(Stored entries)
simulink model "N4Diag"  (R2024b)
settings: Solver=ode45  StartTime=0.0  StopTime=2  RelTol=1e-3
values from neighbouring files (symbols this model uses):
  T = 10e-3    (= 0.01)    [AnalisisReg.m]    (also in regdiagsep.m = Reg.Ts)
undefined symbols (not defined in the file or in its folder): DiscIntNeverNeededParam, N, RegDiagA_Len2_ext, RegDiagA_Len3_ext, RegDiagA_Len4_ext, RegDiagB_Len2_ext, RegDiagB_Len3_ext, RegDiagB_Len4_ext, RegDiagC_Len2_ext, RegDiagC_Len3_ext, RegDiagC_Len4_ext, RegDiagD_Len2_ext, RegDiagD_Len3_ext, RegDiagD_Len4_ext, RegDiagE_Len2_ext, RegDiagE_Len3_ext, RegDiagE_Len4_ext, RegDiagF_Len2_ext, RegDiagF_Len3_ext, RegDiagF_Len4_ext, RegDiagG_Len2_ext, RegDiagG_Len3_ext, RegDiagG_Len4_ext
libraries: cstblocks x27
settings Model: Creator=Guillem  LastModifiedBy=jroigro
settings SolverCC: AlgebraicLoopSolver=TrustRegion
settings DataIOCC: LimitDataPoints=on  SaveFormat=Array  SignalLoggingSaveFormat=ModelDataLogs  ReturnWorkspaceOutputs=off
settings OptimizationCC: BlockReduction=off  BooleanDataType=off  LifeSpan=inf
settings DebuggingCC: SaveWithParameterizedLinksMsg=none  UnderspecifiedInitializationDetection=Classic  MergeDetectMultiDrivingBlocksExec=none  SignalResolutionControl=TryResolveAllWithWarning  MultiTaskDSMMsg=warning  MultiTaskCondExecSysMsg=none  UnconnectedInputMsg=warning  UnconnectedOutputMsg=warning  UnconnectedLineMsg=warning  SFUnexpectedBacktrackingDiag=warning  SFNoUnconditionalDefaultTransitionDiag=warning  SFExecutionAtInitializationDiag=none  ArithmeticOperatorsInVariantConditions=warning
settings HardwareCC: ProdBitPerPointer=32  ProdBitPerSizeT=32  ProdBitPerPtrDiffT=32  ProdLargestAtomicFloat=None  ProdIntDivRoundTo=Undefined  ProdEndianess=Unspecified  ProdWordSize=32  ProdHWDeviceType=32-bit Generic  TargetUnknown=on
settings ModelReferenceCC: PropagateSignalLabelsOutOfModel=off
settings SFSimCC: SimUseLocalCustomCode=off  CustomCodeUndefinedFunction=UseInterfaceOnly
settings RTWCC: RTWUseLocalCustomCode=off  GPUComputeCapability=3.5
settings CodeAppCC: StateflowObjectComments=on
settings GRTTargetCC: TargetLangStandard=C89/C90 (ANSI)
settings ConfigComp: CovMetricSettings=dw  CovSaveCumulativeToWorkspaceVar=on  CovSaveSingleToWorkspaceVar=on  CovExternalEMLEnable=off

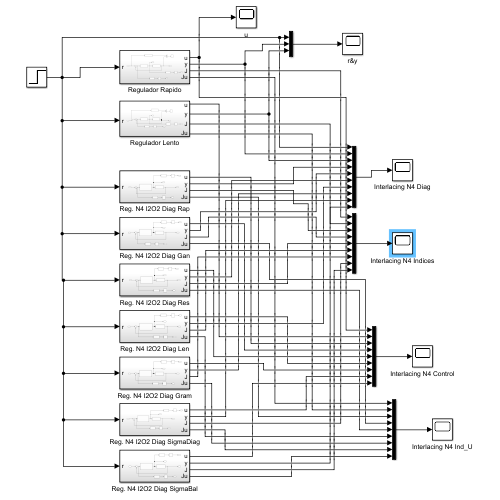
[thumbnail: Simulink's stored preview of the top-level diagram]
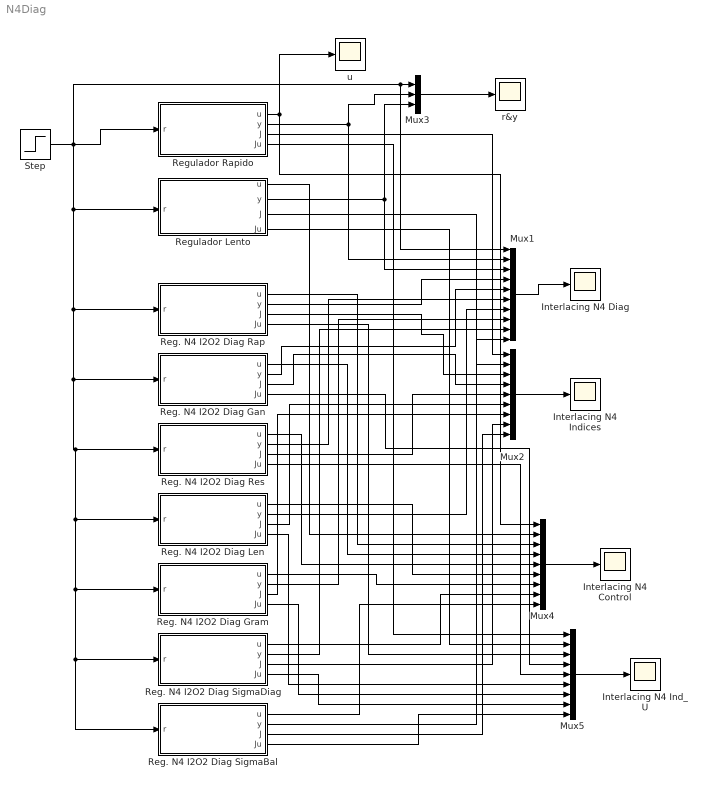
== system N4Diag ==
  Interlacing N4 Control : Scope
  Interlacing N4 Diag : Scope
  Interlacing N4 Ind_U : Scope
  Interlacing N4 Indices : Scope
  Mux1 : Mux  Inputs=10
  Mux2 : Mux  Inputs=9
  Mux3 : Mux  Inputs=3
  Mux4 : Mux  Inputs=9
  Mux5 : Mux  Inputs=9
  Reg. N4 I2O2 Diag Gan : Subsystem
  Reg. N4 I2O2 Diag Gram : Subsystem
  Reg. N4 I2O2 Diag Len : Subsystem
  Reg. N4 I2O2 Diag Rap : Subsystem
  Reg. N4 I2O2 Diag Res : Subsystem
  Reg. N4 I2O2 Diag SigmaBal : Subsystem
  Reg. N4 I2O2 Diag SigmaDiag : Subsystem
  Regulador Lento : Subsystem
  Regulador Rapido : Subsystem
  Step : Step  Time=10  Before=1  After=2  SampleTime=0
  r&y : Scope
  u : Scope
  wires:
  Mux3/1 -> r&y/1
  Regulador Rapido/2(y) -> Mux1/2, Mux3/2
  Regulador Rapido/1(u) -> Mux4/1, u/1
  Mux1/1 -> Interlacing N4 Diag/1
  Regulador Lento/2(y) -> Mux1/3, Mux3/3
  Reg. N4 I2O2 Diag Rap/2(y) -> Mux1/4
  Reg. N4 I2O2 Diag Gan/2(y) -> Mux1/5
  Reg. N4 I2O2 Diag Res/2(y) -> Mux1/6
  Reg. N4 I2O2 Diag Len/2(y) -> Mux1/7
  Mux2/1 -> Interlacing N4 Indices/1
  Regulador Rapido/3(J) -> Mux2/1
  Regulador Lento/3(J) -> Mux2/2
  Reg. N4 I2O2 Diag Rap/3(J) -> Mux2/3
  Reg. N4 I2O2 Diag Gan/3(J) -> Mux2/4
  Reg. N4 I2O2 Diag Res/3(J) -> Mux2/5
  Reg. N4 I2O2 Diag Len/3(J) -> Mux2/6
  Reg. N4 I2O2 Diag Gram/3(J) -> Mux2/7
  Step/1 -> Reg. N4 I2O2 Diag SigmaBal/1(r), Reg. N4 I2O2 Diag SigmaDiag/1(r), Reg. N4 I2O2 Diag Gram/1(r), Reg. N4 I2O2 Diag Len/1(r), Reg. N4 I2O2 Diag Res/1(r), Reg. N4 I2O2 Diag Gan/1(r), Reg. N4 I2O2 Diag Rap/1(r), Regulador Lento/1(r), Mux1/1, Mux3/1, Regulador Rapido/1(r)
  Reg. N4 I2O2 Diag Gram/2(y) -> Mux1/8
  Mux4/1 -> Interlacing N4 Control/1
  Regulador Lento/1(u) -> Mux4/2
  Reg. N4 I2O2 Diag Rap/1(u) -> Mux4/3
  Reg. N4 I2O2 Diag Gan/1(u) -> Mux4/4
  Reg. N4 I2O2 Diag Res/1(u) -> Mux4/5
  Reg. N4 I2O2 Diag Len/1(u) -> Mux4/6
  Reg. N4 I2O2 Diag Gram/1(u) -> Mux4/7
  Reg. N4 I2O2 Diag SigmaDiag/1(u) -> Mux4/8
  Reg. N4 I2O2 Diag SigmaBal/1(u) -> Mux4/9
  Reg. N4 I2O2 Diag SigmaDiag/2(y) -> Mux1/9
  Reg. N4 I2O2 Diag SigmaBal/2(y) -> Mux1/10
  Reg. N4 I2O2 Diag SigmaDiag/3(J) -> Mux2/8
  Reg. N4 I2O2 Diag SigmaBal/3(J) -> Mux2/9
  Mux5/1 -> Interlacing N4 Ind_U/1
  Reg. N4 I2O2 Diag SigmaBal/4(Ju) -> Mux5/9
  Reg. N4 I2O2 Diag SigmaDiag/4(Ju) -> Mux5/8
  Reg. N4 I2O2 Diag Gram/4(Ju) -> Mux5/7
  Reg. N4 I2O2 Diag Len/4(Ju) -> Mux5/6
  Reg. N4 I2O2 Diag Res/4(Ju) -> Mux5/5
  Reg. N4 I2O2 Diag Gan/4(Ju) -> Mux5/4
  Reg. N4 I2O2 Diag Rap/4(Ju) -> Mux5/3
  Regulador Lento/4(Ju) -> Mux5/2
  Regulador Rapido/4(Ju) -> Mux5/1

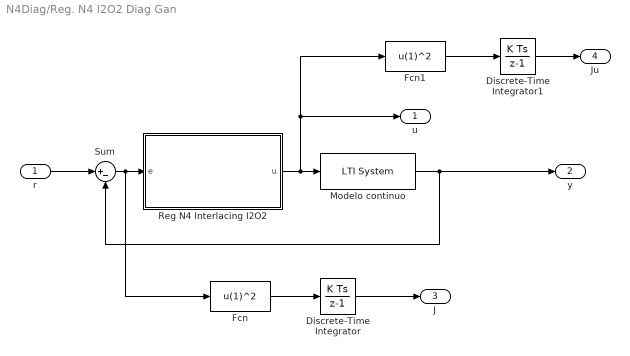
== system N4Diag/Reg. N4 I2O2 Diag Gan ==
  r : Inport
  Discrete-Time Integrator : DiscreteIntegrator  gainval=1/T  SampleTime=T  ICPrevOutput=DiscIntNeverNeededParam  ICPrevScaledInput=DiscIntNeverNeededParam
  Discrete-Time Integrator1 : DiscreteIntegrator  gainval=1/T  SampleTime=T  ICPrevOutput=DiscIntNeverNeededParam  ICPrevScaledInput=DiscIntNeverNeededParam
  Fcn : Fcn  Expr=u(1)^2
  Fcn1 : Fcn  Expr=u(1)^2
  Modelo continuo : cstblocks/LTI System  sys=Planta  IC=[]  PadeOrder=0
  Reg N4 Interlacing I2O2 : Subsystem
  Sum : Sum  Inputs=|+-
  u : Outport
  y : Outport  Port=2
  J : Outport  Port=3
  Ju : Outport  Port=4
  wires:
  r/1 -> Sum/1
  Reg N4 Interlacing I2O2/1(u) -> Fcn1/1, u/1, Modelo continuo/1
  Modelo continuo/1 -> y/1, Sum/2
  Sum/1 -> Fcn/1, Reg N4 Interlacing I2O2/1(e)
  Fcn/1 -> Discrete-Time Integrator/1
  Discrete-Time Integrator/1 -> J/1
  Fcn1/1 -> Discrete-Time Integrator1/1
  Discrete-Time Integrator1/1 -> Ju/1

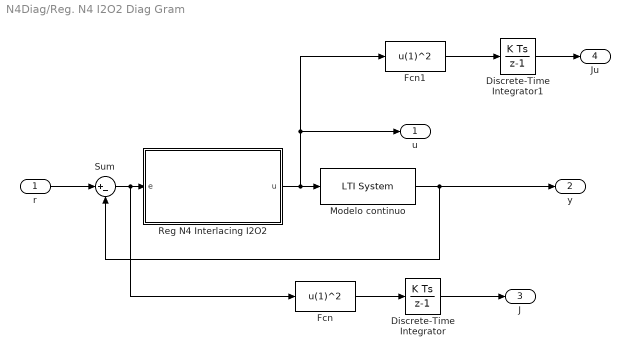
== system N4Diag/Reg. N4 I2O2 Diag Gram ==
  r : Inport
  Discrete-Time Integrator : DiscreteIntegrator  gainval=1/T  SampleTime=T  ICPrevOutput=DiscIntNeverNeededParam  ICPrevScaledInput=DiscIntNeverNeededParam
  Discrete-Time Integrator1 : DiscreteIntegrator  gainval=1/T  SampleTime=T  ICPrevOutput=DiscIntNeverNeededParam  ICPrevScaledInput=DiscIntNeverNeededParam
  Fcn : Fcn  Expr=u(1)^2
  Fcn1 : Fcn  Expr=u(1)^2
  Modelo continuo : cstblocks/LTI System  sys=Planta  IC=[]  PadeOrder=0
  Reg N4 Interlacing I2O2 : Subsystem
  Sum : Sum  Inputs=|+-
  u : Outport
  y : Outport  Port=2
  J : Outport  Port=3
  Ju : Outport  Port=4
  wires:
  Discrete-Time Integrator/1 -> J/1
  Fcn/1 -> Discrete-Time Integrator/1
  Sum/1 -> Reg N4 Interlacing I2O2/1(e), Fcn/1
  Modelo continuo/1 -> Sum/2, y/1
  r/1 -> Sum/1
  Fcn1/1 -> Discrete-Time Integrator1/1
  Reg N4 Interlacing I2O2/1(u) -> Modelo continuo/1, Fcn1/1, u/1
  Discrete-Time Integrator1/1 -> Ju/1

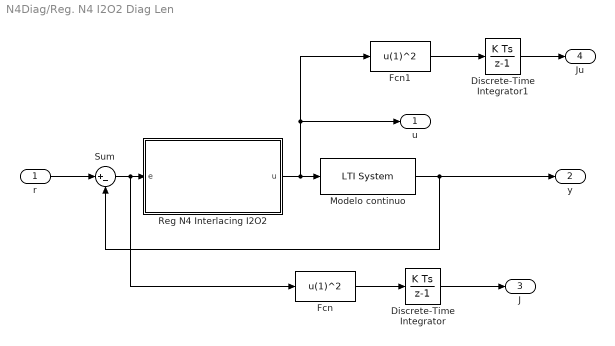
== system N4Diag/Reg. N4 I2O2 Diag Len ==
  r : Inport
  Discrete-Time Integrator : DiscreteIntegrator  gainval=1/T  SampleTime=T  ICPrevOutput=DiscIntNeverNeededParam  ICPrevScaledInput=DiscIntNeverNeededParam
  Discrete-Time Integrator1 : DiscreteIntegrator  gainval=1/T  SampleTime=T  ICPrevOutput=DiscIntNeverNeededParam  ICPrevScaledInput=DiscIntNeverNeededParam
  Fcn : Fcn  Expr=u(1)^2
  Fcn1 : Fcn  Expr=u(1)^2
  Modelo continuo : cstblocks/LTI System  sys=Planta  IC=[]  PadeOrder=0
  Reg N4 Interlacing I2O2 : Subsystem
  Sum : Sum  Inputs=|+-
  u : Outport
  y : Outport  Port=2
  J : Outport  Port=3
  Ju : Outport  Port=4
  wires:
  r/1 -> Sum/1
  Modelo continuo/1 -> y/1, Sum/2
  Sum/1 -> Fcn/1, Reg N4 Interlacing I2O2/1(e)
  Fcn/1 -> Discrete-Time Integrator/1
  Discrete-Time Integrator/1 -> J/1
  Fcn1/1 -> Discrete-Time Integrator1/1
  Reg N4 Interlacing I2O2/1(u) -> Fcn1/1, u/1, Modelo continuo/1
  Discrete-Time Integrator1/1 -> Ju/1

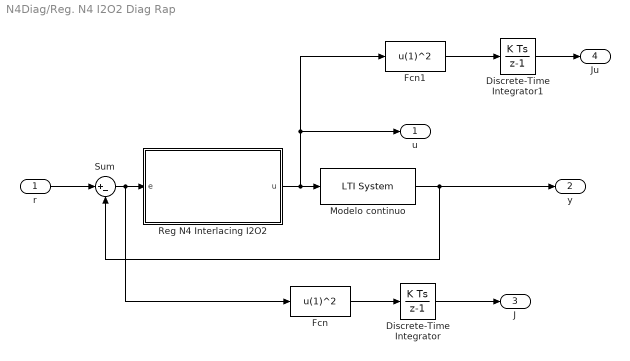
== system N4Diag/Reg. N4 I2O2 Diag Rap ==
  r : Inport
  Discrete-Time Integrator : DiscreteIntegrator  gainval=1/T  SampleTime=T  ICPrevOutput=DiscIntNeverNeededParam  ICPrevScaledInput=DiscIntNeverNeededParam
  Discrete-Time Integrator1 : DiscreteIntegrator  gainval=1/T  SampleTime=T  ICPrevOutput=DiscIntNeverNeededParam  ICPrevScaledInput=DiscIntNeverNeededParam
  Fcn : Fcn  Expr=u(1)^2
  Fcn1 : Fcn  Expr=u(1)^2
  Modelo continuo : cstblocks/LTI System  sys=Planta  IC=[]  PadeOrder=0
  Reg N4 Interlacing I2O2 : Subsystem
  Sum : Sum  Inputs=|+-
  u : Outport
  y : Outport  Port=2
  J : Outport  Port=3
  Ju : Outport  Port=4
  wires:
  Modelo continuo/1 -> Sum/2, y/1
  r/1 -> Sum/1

### [ABOUT THIS TASK]
Exact duplication is required for the lines above, from the line that contains "Regulador Rapido : Subsystem" to the line that contains "Regulador Lento/2(y) -> Mux1/3, Mux3/3", inclusive; omit all others.

### [RESPONSE AREA]
  Regulador Rapido : Subsystem
  Step : Step  Time=10  Before=1  After=2  SampleTime=0
  r&y : Scope
  u : Scope
  wires:
  Mux3/1 -> r&y/1
  Regulador Rapido/2(y) -> Mux1/2, Mux3/2
  Regulador Rapido/1(u) -> Mux4/1, u/1
  Mux1/1 -> Interlacing N4 Diag/1
  Regulador Lento/2(y) -> Mux1/3, Mux3/3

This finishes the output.